Она встала. Я не пытался задержать ее. Есть такие вещи, которые нужно уладить прежде, чем начинать что-то новое. Ты напомнила мне об этом, да, Карен? Я едва не забыл. Но ты мне не позволила.
— Наверное, мы больше не встретимся, — сказала женщина.
Кажется, в ее глазах блестела радость.
— Нет.
— Вы не… вы окажете мне одну маленькую любезность?
Я смотрел на нее.
— Как вы считаете, что мне подарить ему? У него столько славных вещиц. Но вы мужчина. Что бы вам хотелось иметь, если бы вы оказались в больнице? Не дай бог, — добавила она, ласково улыбнувшись.
Я сидел. Я не мог говорить. Я должен был сказать ей правду. И не мог. Это выглядело бы жестокостью, а жестокость не в моем характере.
Что подарить человеку, у которого нет ничего?
Я проснулся. Телефон молчал.
Я залез в аптечку, проглотил очередную пригоршню таблеток L-триптофана и, не успокоившись, снова улегся, надеясь на долгий и милосердный сон без сновидений.
Скоро, слишком быстро, хотя и недостаточно быстро, я провалился в глубокую тревожную дрему.
А очнувшись, обнаружил себя запертым в глухом ящике.
Я стал колотить по крышке, я бил и пинал, пока пальцы на ногах не сломались, а содранные локти не залила кровь. Потом полез в карман за зажигалкой, древней 'Zippo', щелкнул кремнем. Вспышка позволила мне прочитать выгравированную на приделанной к обитой атласом стенке табличке надпись. 'ДВАДЦАТЬ ПЯТЬ ЛЕТ ГАРАНТИИ' — гласили каллиграфически выведенные буквы. Я закричал, надрывая горло. Язычок жара от зажигалки лизнул белые складки и набросился с жадными поцелуями на мое лицо. Огонь стремительно распространялся по моему корчащемуся телу. Я вдыхал пламя.
Вдруг крышка откинулась.
Двое санитаров в белом склонились надо мной, гася пожар бьющей из шланга водой. Один из них хихикнул.

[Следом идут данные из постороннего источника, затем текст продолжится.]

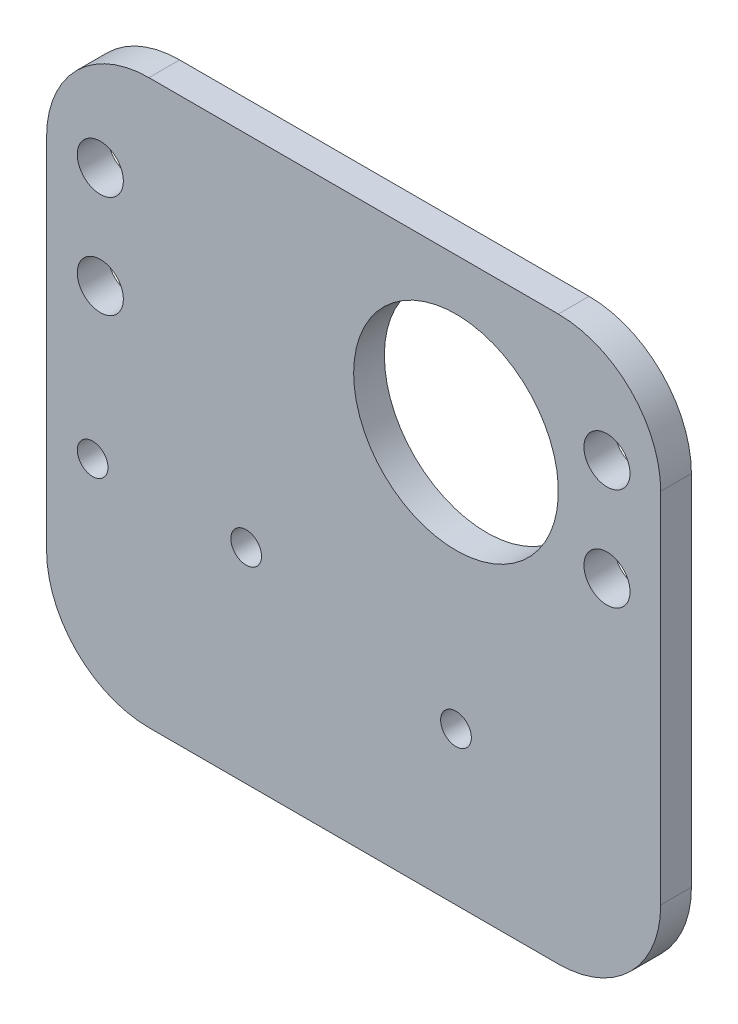
ISO-10303-21;
HEADER;
FILE_DESCRIPTION(('STEP AP214'),'2;1');
FILE_NAME('part.step','',(''),(''),'','','');
FILE_SCHEMA(('AUTOMOTIVE_DESIGN { 1 0 10303 214 1 1 1 1 }'));
ENDSEC;
DATA;
#1=APPLICATION_CONTEXT('core data for automotive mechanical design processes');
#2=APPLICATION_PROTOCOL_DEFINITION('international standard','automotive_design',2000,#1);
#3=PRODUCT_CONTEXT('',#1,'mechanical');
#4=PRODUCT('Part','Part','',(#3));
#5=PRODUCT_RELATED_PRODUCT_CATEGORY('part','',(#4));
#6=PRODUCT_DEFINITION_FORMATION('','',#4);
#7=PRODUCT_DEFINITION_CONTEXT('part definition',#1,'design');
#8=PRODUCT_DEFINITION('design','',#6,#7);
#9=PRODUCT_DEFINITION_SHAPE('','',#8);
#10=(LENGTH_UNIT() NAMED_UNIT(*) SI_UNIT(.MILLI.,.METRE.));
#11=(NAMED_UNIT(*) PLANE_ANGLE_UNIT() SI_UNIT($,.RADIAN.));
#12=(NAMED_UNIT(*) SI_UNIT($,.STERADIAN.) SOLID_ANGLE_UNIT());
#13=UNCERTAINTY_MEASURE_WITH_UNIT(LENGTH_MEASURE(1.E-05),#10,'distance_accuracy_value','');
#14=(GEOMETRIC_REPRESENTATION_CONTEXT(3) GLOBAL_UNCERTAINTY_ASSIGNED_CONTEXT((#13)) GLOBAL_UNIT_ASSIGNED_CONTEXT((#10,
#11,#12)) REPRESENTATION_CONTEXT('',''));
#15=CARTESIAN_POINT('',(0.,0.,0.));
#16=DIRECTION('',(0.,0.,1.));
#17=DIRECTION('',(1.,0.,0.));
#18=AXIS2_PLACEMENT_3D('',#15,#16,#17);
#19=CARTESIAN_POINT('',(0.,0.,0.001));
#20=DIRECTION('',(0.,0.,1.));
#21=DIRECTION('',(1.,0.,0.));
#22=AXIS2_PLACEMENT_3D('',#19,#20,#21);
#23=PLANE('',#22);
#24=CARTESIAN_POINT('',(45.5164785410153,-13.5674981786718,0.001));
#25=DIRECTION('',(0.,0.,-1.));
#26=DIRECTION('',(-1.,0.,0.));
#27=AXIS2_PLACEMENT_3D('',#24,#25,#26);
#28=CIRCLE('',#27,1.5);
#29=CARTESIAN_POINT('',(44.0164785410153,-13.5674981786718,0.001));
#30=VERTEX_POINT('',#29);
#31=EDGE_CURVE('E264',#30,#30,#28,.T.);
#32=ORIENTED_EDGE('',*,*,#31,.F.);
#33=EDGE_LOOP('',(#32));
#34=FACE_BOUND('',#33,.T.);
#35=CARTESIAN_POINT('',(45.5164785410153,-13.5674981786718,0.00100000000000013));
#36=DIRECTION('',(0.,0.,1.));
#37=DIRECTION('',(1.,0.,0.));
#38=AXIS2_PLACEMENT_3D('',#35,#36,#37);
#39=CIRCLE('',#38,5.5);
#40=CARTESIAN_POINT('',(51.0164785410153,-13.5674981786718,0.00100000000000013));
#41=VERTEX_POINT('',#40);
#42=EDGE_CURVE('E127',#41,#41,#39,.T.);
#43=ORIENTED_EDGE('',*,*,#42,.F.);
#44=EDGE_LOOP('',(#43));
#45=FACE_BOUND('',#44,.T.);
#46=ADVANCED_FACE('F35',(#34,#45),#23,.F.);
#47=CARTESIAN_POINT('',(45.5164785410153,-13.5674981786718,0.00100000000000013));
#48=DIRECTION('',(0.,0.,1.));
#49=DIRECTION('',(1.,0.,0.));
#50=AXIS2_PLACEMENT_3D('',#47,#48,#49);
#51=CIRCLE('',#50,7.5);
#52=CARTESIAN_POINT('',(53.0164785410153,-13.5674981786718,0.00100000000000013));
#53=VERTEX_POINT('',#52);
#54=EDGE_CURVE('E377',#53,#53,#51,.T.);
#55=ORIENTED_EDGE('',*,*,#54,.T.);
#56=EDGE_LOOP('',(#55));
#57=FACE_BOUND('',#56,.T.);
#58=CARTESIAN_POINT('',(10.0164785410153,-8.46749817867185,0.00100000000000013));
#59=DIRECTION('',(0.,0.,1.));
#60=DIRECTION('',(1.,0.,0.));
#61=AXIS2_PLACEMENT_3D('',#58,#59,#60);
#62=CIRCLE('',#61,1.5);
#63=CARTESIAN_POINT('',(11.5164785410153,-8.46749817867185,0.00100000000000013));
#64=VERTEX_POINT('',#63);
#65=EDGE_CURVE('E270',#64,#64,#62,.T.);
#66=ORIENTED_EDGE('',*,*,#65,.T.);
#67=EDGE_LOOP('',(#66));
#68=FACE_BOUND('',#67,.T.);
#69=CARTESIAN_POINT('',(25.0164785410153,-8.46749817867185,0.00100000000000013));
#70=DIRECTION('',(0.,0.,1.));
#71=DIRECTION('',(1.,0.,0.));
#72=AXIS2_PLACEMENT_3D('',#69,#70,#71);
#73=CIRCLE('',#72,1.5);
#74=CARTESIAN_POINT('',(26.5164785410153,-8.46749817867185,0.00100000000000013));
#75=VERTEX_POINT('',#74);
#76=EDGE_CURVE('E385',#75,#75,#73,.T.);
#77=ORIENTED_EDGE('',*,*,#76,.T.);
#78=EDGE_LOOP('',(#77));
#79=FACE_BOUND('',#78,.T.);
#80=CARTESIAN_POINT('',(45.5164785410153,11.5325018213282,0.001));
#81=DIRECTION('',(0.,0.,-1.));
#82=DIRECTION('',(-1.,0.,0.));
#83=AXIS2_PLACEMENT_3D('',#80,#81,#82);
#84=CIRCLE('',#83,10.);
#85=CARTESIAN_POINT('',(35.5164785410153,11.5325018213282,0.001));
#86=VERTEX_POINT('',#85);
#87=EDGE_CURVE('E263',#86,#86,#84,.T.);
#88=ORIENTED_EDGE('',*,*,#87,.F.);
#89=EDGE_LOOP('',(#88));
#90=FACE_BOUND('',#89,.T.);
#91=CARTESIAN_POINT('',(60.2664785410153,6.53250182132816,0.001));
#92=DIRECTION('',(0.,0.,1.));
#93=DIRECTION('',(1.,0.,0.));
#94=AXIS2_PLACEMENT_3D('',#91,#92,#93);
#95=CIRCLE('',#94,3.00000000000002);
#96=CARTESIAN_POINT('',(63.2664785410153,6.53250182132816,0.001));
#97=VERTEX_POINT('',#96);
#98=EDGE_CURVE('E187',#97,#97,#95,.F.);
#99=ORIENTED_EDGE('',*,*,#98,.F.);
#100=EDGE_LOOP('',(#99));
#101=FACE_BOUND('',#100,.T.);
#102=DIRECTION('',(1.,0.,0.));
#103=VECTOR('',#102,1.);
#104=CARTESIAN_POINT('',(5.51647854101529,26.5325018213282,0.001));
#105=LINE('',#104,#103);
#106=CARTESIAN_POINT('',(15.5164785410153,26.5325018213282,0.001));
#107=VERTEX_POINT('',#106);
#108=CARTESIAN_POINT('',(55.5164785410153,26.5325018213282,0.001));
#109=VERTEX_POINT('',#108);
#110=EDGE_CURVE('E105',#107,#109,#105,.T.);
#111=ORIENTED_EDGE('',*,*,#110,.T.);
#112=CARTESIAN_POINT('',(55.5164785410153,16.5325018213282,0.00100000000000013));
#113=DIRECTION('',(0.,0.,1.));
#114=DIRECTION('',(1.,0.,0.));
#115=AXIS2_PLACEMENT_3D('',#112,#113,#114);
#116=CIRCLE('',#115,10.);
#117=CARTESIAN_POINT('',(65.5164785410153,16.5325018213282,0.001));
#118=VERTEX_POINT('',#117);
#119=EDGE_CURVE('E139',#109,#118,#116,.F.);
#120=ORIENTED_EDGE('',*,*,#119,.T.);
#121=DIRECTION('',(0.,-1.,0.));
#122=VECTOR('',#121,1.);
#123=CARTESIAN_POINT('',(65.5164785410153,26.5325018213282,0.001));
#124=LINE('',#123,#122);
#125=CARTESIAN_POINT('',(65.5164785410153,-18.4674981786718,0.001));
#126=VERTEX_POINT('',#125);
#127=EDGE_CURVE('E123',#118,#126,#124,.T.);
#128=ORIENTED_EDGE('',*,*,#127,.T.);
#129=CARTESIAN_POINT('',(55.5164785410153,-18.4674981786718,0.00100000000000013));
#130=DIRECTION('',(0.,0.,1.));
#131=DIRECTION('',(1.,0.,0.));
#132=AXIS2_PLACEMENT_3D('',#129,#130,#131);
#133=CIRCLE('',#132,10.);
#134=CARTESIAN_POINT('',(55.5164785410153,-28.4674981786718,0.001));
#135=VERTEX_POINT('',#134);
#136=EDGE_CURVE('E137',#126,#135,#133,.F.);
#137=ORIENTED_EDGE('',*,*,#136,.T.);
#138=DIRECTION('',(1.,0.,0.));
#139=VECTOR('',#138,1.);
#140=CARTESIAN_POINT('',(5.51647854101529,-28.4674981786718,0.001));
#141=LINE('',#140,#139);
#142=CARTESIAN_POINT('',(15.5164785410153,-28.4674981786718,0.001));
#143=VERTEX_POINT('',#142);
#144=EDGE_CURVE('E173',#143,#135,#141,.T.);
#145=ORIENTED_EDGE('',*,*,#144,.F.);
#146=CARTESIAN_POINT('',(15.5164785410153,-18.4674981786718,0.00100000000000013));
#147=DIRECTION('',(0.,0.,1.));
#148=DIRECTION('',(1.,0.,0.));
#149=AXIS2_PLACEMENT_3D('',#146,#147,#148);
#150=CIRCLE('',#149,10.);
#151=CARTESIAN_POINT('',(5.51647854101529,-18.4674981786718,0.001));
#152=VERTEX_POINT('',#151);
#153=EDGE_CURVE('E112',#143,#152,#150,.F.);
#154=ORIENTED_EDGE('',*,*,#153,.T.);
#155=DIRECTION('',(0.,-1.,0.));
#156=VECTOR('',#155,1.);
#157=CARTESIAN_POINT('',(5.51647854101529,1.53250182132815,0.001));
#158=LINE('',#157,#156);
#159=CARTESIAN_POINT('',(5.51647854101529,16.5325018213281,0.001));
#160=VERTEX_POINT('',#159);
#161=EDGE_CURVE('E107',#160,#152,#158,.T.);
#162=ORIENTED_EDGE('',*,*,#161,.F.);
#163=CARTESIAN_POINT('',(15.5164785410153,16.5325018213282,0.00100000000000013));
#164=DIRECTION('',(0.,0.,1.));
#165=DIRECTION('',(1.,0.,0.));
#166=AXIS2_PLACEMENT_3D('',#163,#164,#165);
#167=CIRCLE('',#166,10.);
#168=EDGE_CURVE('E101',#160,#107,#167,.F.);
#169=ORIENTED_EDGE('',*,*,#168,.T.);
#170=EDGE_LOOP('',(#111,#120,#128,#137,#145,#154,#162,#169));
#171=FACE_BOUND('',#170,.T.);
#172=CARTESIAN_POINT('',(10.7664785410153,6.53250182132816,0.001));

'Интересно, как это случилось?' — сказал он.
'Самовозгорание?' — предположил его коллега.
'Это жутко облегчило бы нашу работу', — хмыкнул первый. Он смотал шланг, и я сквозь опаленные веки увидел, что пожарный рукав присоединен к крану, укрепленному на столе из нержавеющей стали. По краям стола тянулись желобки, а на конце зияло сливное отверстие.
Я снова закричал — беззвучно.
Санитары отвернулись.
Я забарахтался в гробу. Боли не было. Мыслимо ли это? Я принялся рвать на себе одежду, обнажая обожженную плоть.
'Видите? — кричал я. — Я жив!'
Они не слышали.
Я вцепился в свою грудь дымящимися пальцами, и обугленная кожа отслоилась, скатываясь под ногтями. 'Видите кровь в моих венах? — надрывался я. — Я не один из них!'
'Что с этим-то делать? — спросил санитар. — Ну, обгорел чуток. Как знать, может, еще сойдет'.
Я увидел выпотрошенные останки других, поблескивающие в раковине, в колбах и пластиковых мешках. Схватил скальпель. Полоснул себя по руке. Вспорол курящуюся ткань рубахи, вспорол кожу, оставляя свежие надрезы, похожие на приоткрытые белые губы, режа глубже и глубже, добираясь до мышц и костей.
'Видите? Разве из меня не льется кровь?'
Они не слушали.
Я побрел по бальзамировочной, натыкаясь на контейнеры и опрокидывая баки, расплескивая их бледное содержимое по полу морга.
Тело мое еще дымилось, когда я вывалился в холодный серый рассвет.